Q: My company won't allow me to send out source code, will this affect my submission?

A: No, as long as your code is compiled for a suitable architecture the IMIRSEL lab can run it in its compiled form.

Q: I've proposed one of the evaluation tasks and want to know what details you need to produce the framework software?

A: In order to establish a framework we need common input and output file formats, e.g. Each submission should read in a test file that defines the training set in the following format:


where \t indicates a tab. In this example the test set would be read in the same format (without the class names) and the output format should be the same as the input.

Next we need to establish a calling convention for each part of a submission:

There are four formats for calls to code external to D2K that will be supported:

  • CommandName inputFileNameAndPath outputFileNameAndPath
  • CommandName inputFileNameAndPath (ouput file name created by adding an extension, e.g. ".features")

The second two formats allow an additional file to be passed as a parameter:

  • CommandName inputFileNameAndPath1 inputFileNameAndPath2 outputFileNameAndPath
  • CommandName inputFileNameAndPath1 inputFileNameAndPath2 outputFileNameAndPath (ouput file name created by adding an extension to inputFileNameAndPath1, e.g. ".features")
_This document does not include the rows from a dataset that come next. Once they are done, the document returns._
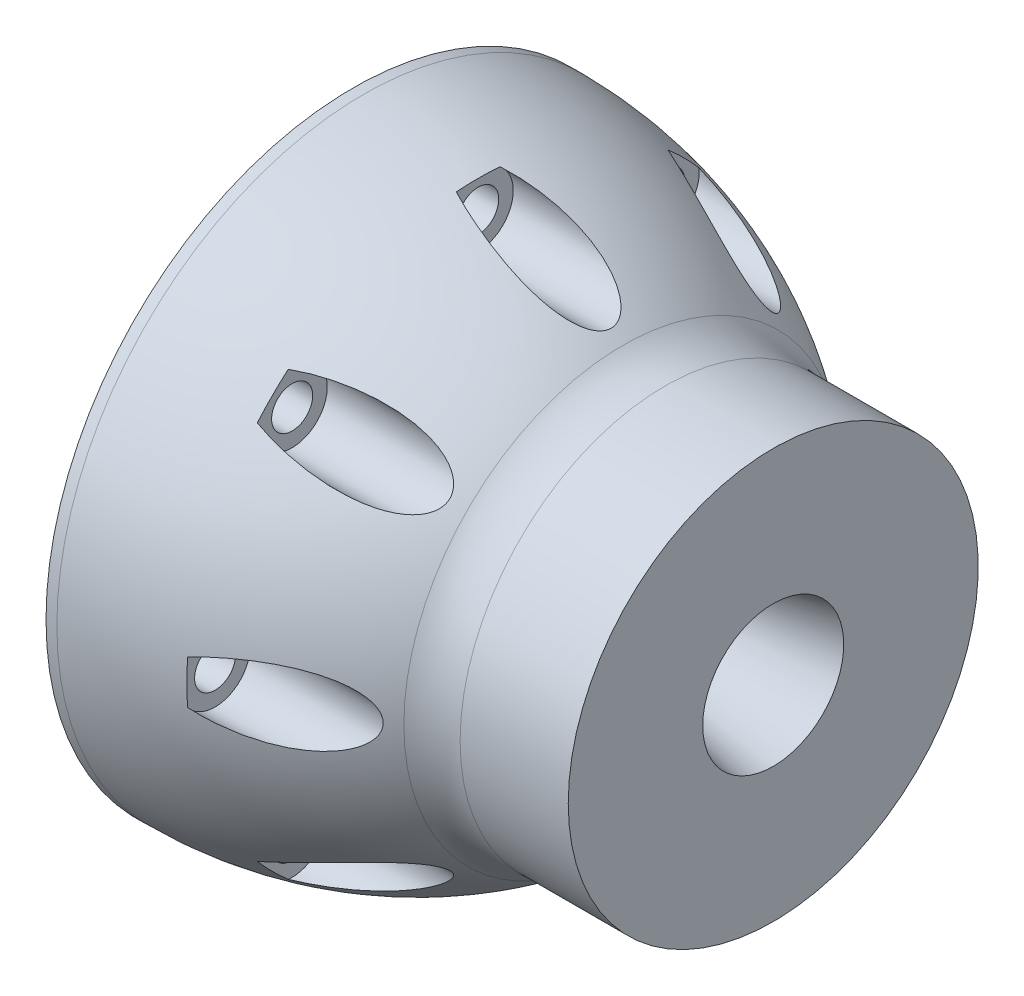
SolidWorks part; units mm, degrees
material "PLA (Polylactic Acid)"
ref_plane "Front Plane" through (0, 0, 0) normal (0, 0, 1) x (1, 0, 0)
ref_plane "Top Plane" through (0, 0, 0) normal (0, 1, 0) x (1, 0, 0)
ref_plane "Right Plane" through (0, 0, 0) normal (1, 0, 0) x (0, 0, -1)
sketch "Model" plane through (0, 0, 0) normal (0, 0, 1) x (1, 0, 0)
  line L0 (0, 19.051) -> (31.9536, 19.051)
  line L1 (38.3809, 16.3887) -> (49.0299, 5.7397)
  line L2 (0, 0) -> (61.8717, 0) construction
  arc A0 (38.3809, 16.3887) -> (31.9536, 19.051) centre (31.9536, 9.9615) ccw
  arc A1 (49.0299, 5.7397) -> (50.8, 5.0065) centre (50.8, 7.5097) ccw
  arc A2 (50.8, 5.0065) -> (51.2904, 5.055) centre (50.8, 7.5097) ccw
  spline S0 degree 2 poles (51.2904, 5.055) (61.5184, 7.0984) (61.8717, 7.148) knots 0 0 0 1 1 1
  text T0 "Vortex_Chamber_Cold_Wall" font "SWTXT" height 5
sketch "Sketch2" plane through (0, 0, 0) normal (0, 0, 1) x (1, 0, 0)
  line L0 (61.8717, 7.148) -> (51.2904, 5.055)
  line L1 (49.0299, 5.7397) -> (38.3809, 16.3887)
  line L2 (31.9536, 19.051) -> (25.6036, 19.051)
  line L3 (0, 19.051) -> (31.9536, 19.051) construction
  line L4 (25.6036, 19.051) -> (25.6036, 22.225)
  line L5 (0, 0) -> (61.8717, 0) construction
  line L6 (25.6036, 22.225) -> (19.2536, 22.225)
  line L7 (19.2536, 22.225) -> (19.2536, 31.115)
  line L8 (19.2536, 31.115) -> (20.3519, 31.115)
  line L9 (50.9079, 20.7844) -> (61.8717, 20.7844)
  line L10 (61.8717, 20.7844) -> (61.8717, 7.148)
  arc A0 (51.2904, 5.055) -> (50.8, 5.0065) centre (50.7951, 7.5588) cw
  arc A1 (50.8, 5.0065) -> (49.0299, 5.7397) centre (50.7953, 7.4983) cw
  arc A2 (38.3809, 16.3887) -> (31.9536, 19.051) centre (31.9536, 9.9614) ccw
  arc A3 (20.3519, 31.115) -> (46.6468, 22.225) centre (20.3519, -12.2178) cw
  arc A4 (46.6468, 22.225) -> (50.9079, 20.7844) centre (50.9079, 27.8064) ccw
  point P21 (19.2536, 26.67)
  dimension "D1" = 6.35
  dimension "D2" = 22.225
  dimension "D3" = 26.67
  dimension "D4" = 6.35
revolve "Revolve1" add sketch "Sketch2" angle 360 about L2
sketch "Sketch3" plane through (19.2536, 0, 0) normal (-1, 0, 0) x (0, 0, 1)
  line L0 (0, 22.225) -> (0, 31.115) construction
  circle A0 centre (0, 26.67) radius 3.556
  circle A1 centre (0, 0) radius 22.225 construction
  circle A2 centre (0, 0) radius 22.225 construction
  circle A3 centre (0, 0) radius 31.115 construction
  dimension "D1" = 7.112
extrude "Cut-Extrude1" cut sketch "Sketch3" against normal up to surface (42.6182 mm away) from offset 12.7 up to face at (61.8717, 0, 20.7844) offset against normal yes
sketch "Sketch4" plane through (31.9536, 0, 0) normal (1, 0, 0) x (0, 0, -1)
  circle A0 centre (0, 26.67) radius 2.0828
  dimension "D1" = 4.1656
extrude "Cut-Extrude2" cut sketch "Sketch4" against normal up to surface (12.7 mm away) up to face at (19.2536, 0, 22.225)
pattern_circular "CirPattern1" count 8 over 360 about axis through (0, 0, 0) along (1, 0, 0) of "Cut-Extrude2", "Cut-Extrude1"
sketch "Sketch5" plane through (0, 0, 0) normal (0, 0, 1) x (1, 0, 0)
  line L0 (25.6036, 19.051) -> (-53.7714, 19.051)
  dimension "D1" = 85.725
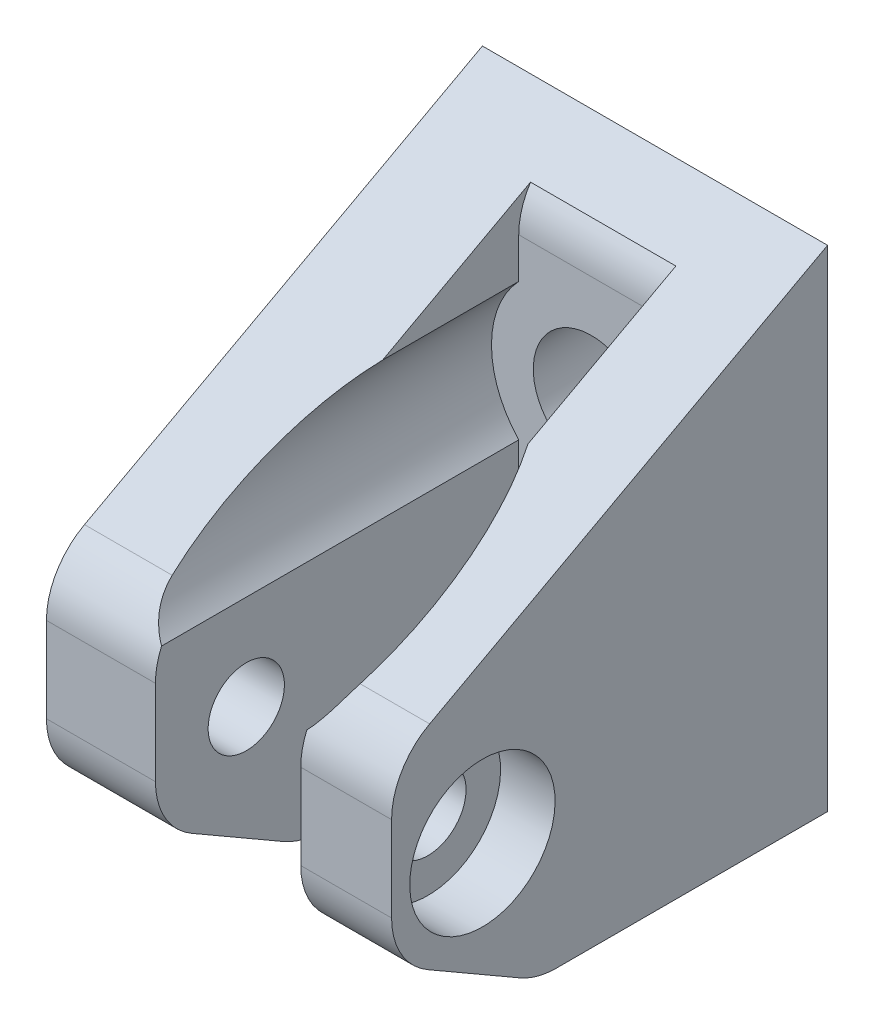
SolidWorks part; units mm, degrees
ref_plane "Plan de face" through (0, 0, 0) normal (0, 0, 1) x (1, 0, 0)
ref_plane "Plan de dessus" through (0, 0, 0) normal (0, 1, 0) x (1, 0, 0)
ref_plane "Plan de droite" through (0, 0, 0) normal (1, 0, 0) x (0, 0, -1)
sketch "Esquisse1" plane through (0, 0, 0) normal (0, 0, 1) x (1, 0, 0)
  line L1 (-10, 17) -> (10, 17)
  line L2 (-10, 17) -> (-10, -17)
  line L3 (-10, -17) -> (10, -17)
  line L4 (10, 17) -> (10, -17)
  dimension "D1" = 34
  dimension "D2" = 10
  dimension "D3" = 20
  dimension "D4" = 17
extrude "Boss.-Extru.1" add sketch "Esquisse1" along normal blind 4
sketch "Esquisse2" plane through (0, 0, 4) normal (0, 0, 1) x (1, 0, 0)
  line L0 (10, 17) -> (-10, 17) construction
  line L1 (-4, 17) -> (4, 17)
  line L2 (-4, 17) -> (-4, 10)
  line L3 (-4, 10) -> (4, 10)
  line L4 (4, 17) -> (4, 10)
  line L5 (10, -17) -> (10, 17) construction
  line L6 (-4, -17) -> (4, -17)
  line L7 (-4, -17) -> (-4, -10)
  line L8 (-4, -10) -> (4, -10)
  line L9 (4, -17) -> (4, -10)
  line L10 (-10, -17) -> (10, -17) construction
  dimension "D1" = 8
  dimension "D2" = 6
  dimension "D3" = 6
  dimension "D4" = 8
  dimension "D5" = 20
extrude "Enlèv. mat.-Extru.1" cut sketch "Esquisse2" against normal through all
fillet "Congé1" radius 4 2 edges at (0, -10, 4) (0, 10, 4)
sketch "Esquisse3" plane through (0, 0, 4) normal (0, 0, 1) x (1, 0, 0)
  line L1 (-10, 17) -> (-4, 17)
  line L2 (-10, 17) -> (-10, -17)
  line L3 (-10, -17) -> (-4, -17)
  line L4 (-4, 17) -> (-4, -17)
  line L5 (4, -17) -> (10, -17)
  line L6 (4, -17) -> (4, 17)
  line L7 (4, 17) -> (10, 17)
  line L8 (10, -17) -> (10, 17)
extrude "Boss.-Extru.2" add sketch "Esquisse3" along normal blind 20
sketch "Esquisse4" plane through (10, 0, 0) normal (1, 0, 0) x (0, 0, -1)
  line L0 (-24, -17) -> (0, -17) construction
  line L3 (-24, -17) -> (-24, 17) construction
  circle A0 centre (-19, 9) radius 2.1
  circle A1 centre (-19, -9) radius 2.1
  dimension "D1" = 4.2
  dimension "D2" = 4.2
  dimension "D3" = 18
  dimension "D4" = 8
  dimension "D5" = 5
  dimension "D6" = 5
extrude "Enlèv. mat.-Extru.2" cut sketch "Esquisse4" against normal through all
chamfer "Chanfrein1" distance 8 angle 30 4 edges at (-7, -17, 24) (7, -17, 24) (-7, 17, 24) (7, 17, 24) first distance on face at (-7, -17, 12) first distance on face at (7, -17, 12) first distance on face at (-7, 17, 12) first distance on face at (7, 17, 12)
fillet "Congé2" radius 4 8 edges at (7, 17, 16) (-7, 17, 16) (-7, 12.3812, 24) (7, 12.3812, 24) (7, -12.3812, 24) (7, -17, 16) (-7, -17, 16) (-7, -12.3812, 24)
sketch "Esquisse5" plane through (0, 0, 4) normal (0, 0, 1) x (1, 0, 0)
  circle A0 centre (0, 0) radius 3.2
  dimension "D1" = 6.4
extrude "Enlèv. mat.-Extru.3" cut sketch "Esquisse5" against normal through all
sketch "Esquisse6" plane through (0, 0, 4) normal (0, 0, 1) x (1, 0, 0)
  circle A0 centre (0, 0) radius 5.5
  dimension "D1" = 11
extrude "Enlèv. mat.-Extru.4" cut sketch "Esquisse6" along normal through all
sketch "Esquisse8" plane through (10, 0, 0) normal (1, 0, 0) x (0, 0, -1)
  line L0 (0, 17) -> (0, 10)
  line L1 (0, -17) -> (0, 17) construction
  line L2 (0, 10) -> (-24, -3)
  line L3 (-24, -10.0718) -> (-24, 10.0718) construction
  line L4 (-24, -3) -> (-24, 17)
  line L5 (-24, 17) -> (0, 17)
  dimension "D1" = 20
extrude "Enlèv. mat.-Extru.5" cut sketch "Esquisse8" against normal through all
fillet "Congé3" radius 4 2 edges at (7.3049, -3, 24) (-7.3049, -3, 24)
sketch "Esquisse9" plane through (10, 0, 0) normal (1, 0, 0) x (0, 0, -1)
  line L1 (3.8248, 14.6988) -> (-26.7691, 14.6988)
  line L2 (3.8248, 14.6988) -> (3.8248, -18.2977)
  line L3 (3.8248, -18.2977) -> (-26.7691, -18.2977)
  line L4 (-26.7691, 14.6988) -> (-26.7691, -18.2977)
extrude "Enlèv. mat.-Extru.6" cut sketch "Esquisse9" against normal blind 1
sketch "Esquisse10" plane through (9, 0, 0) normal (1, 0, 0) x (0, 0, -1)
  circle A0 centre (-19, -9) radius 4
  dimension "D1" = 8
extrude "Enlèv. mat.-Extru.7" cut sketch "Esquisse10" against normal blind 3

    ExtractFeatures C:\inTrainFiles.txt C:\outTrainFeatures.feat
    ExtractFeatures C:\inTestFiles.txt C:\outTestFeatures.feat
    TrainModel C:\outTrainFeatures.feat
    ApplyModel C:\outTrainFeatures.feat.model C:\outTestFeatures.feat C:\results.txt

(see the Mirex Wiki for more details.)

Finally, a clear definition of the evaluation procedure should be given, where possible using cross-validation of results, reporting both the mean and variance of those results. Facilities will also be provided for statisitical significance testing of the difference in error rates between each submission using McNemar's test, to establish whether differences are "in the noise" or not. The McNemar's tests will be performed on the output text files fom each iteration of the cross-validated experiments.

Q: My algorithm has more parts to it than your framework (e.g. a feature selection stage) and should be called like so:

    ExtractFeatures C:\inTrainFiles.txt C:\outTrainFeatures.feat
    SelectFeatures C:\outTrainFeatures.feat selectedfeatures.info
    ExtractFeatures C:\inTestFiles.txt C:\outTestFeatures.feat selectedfeatures.info
    TrainModel C:\outTrainFeatures.feat selectedfeatures.info

ApplyModel C:\outTrainFeatures.feat.model C:\outTestFeatures.feat C:\results.txt

A: This is no problem as each module uses one of the available calling conventions, you simply need to add another copy of an external integration module to your copy of the framework. The standard layout for this problem might be:

2005 originalframework.gif

And, in the above example, would be changed to: without affecting the final evaluation.

2005 modifiedframework.gif

This flexibility in the both algorithm calling conventions and the overal layout/number of modules in the framework is greater than would likely be achieved using a completely hand-coded framework for each task.

Q: Who will run the submissions?

A: The team at IMIRSEL will run each submission and report the evaluation results, however, facilities are provided in D2K to run across an X-windows or telnet session (in telnet only console output is displayed, no toolkit desktop). This would allow an entrant to launch their own submision, or to debug it if it doesn't run correctly at the IMIRSEL lab. Hopefully, IMIRSEL will be able to continue this service, hosting the dataset for each task year round, to allow researchers to bench mark their systems against the last year's state-of-the-art.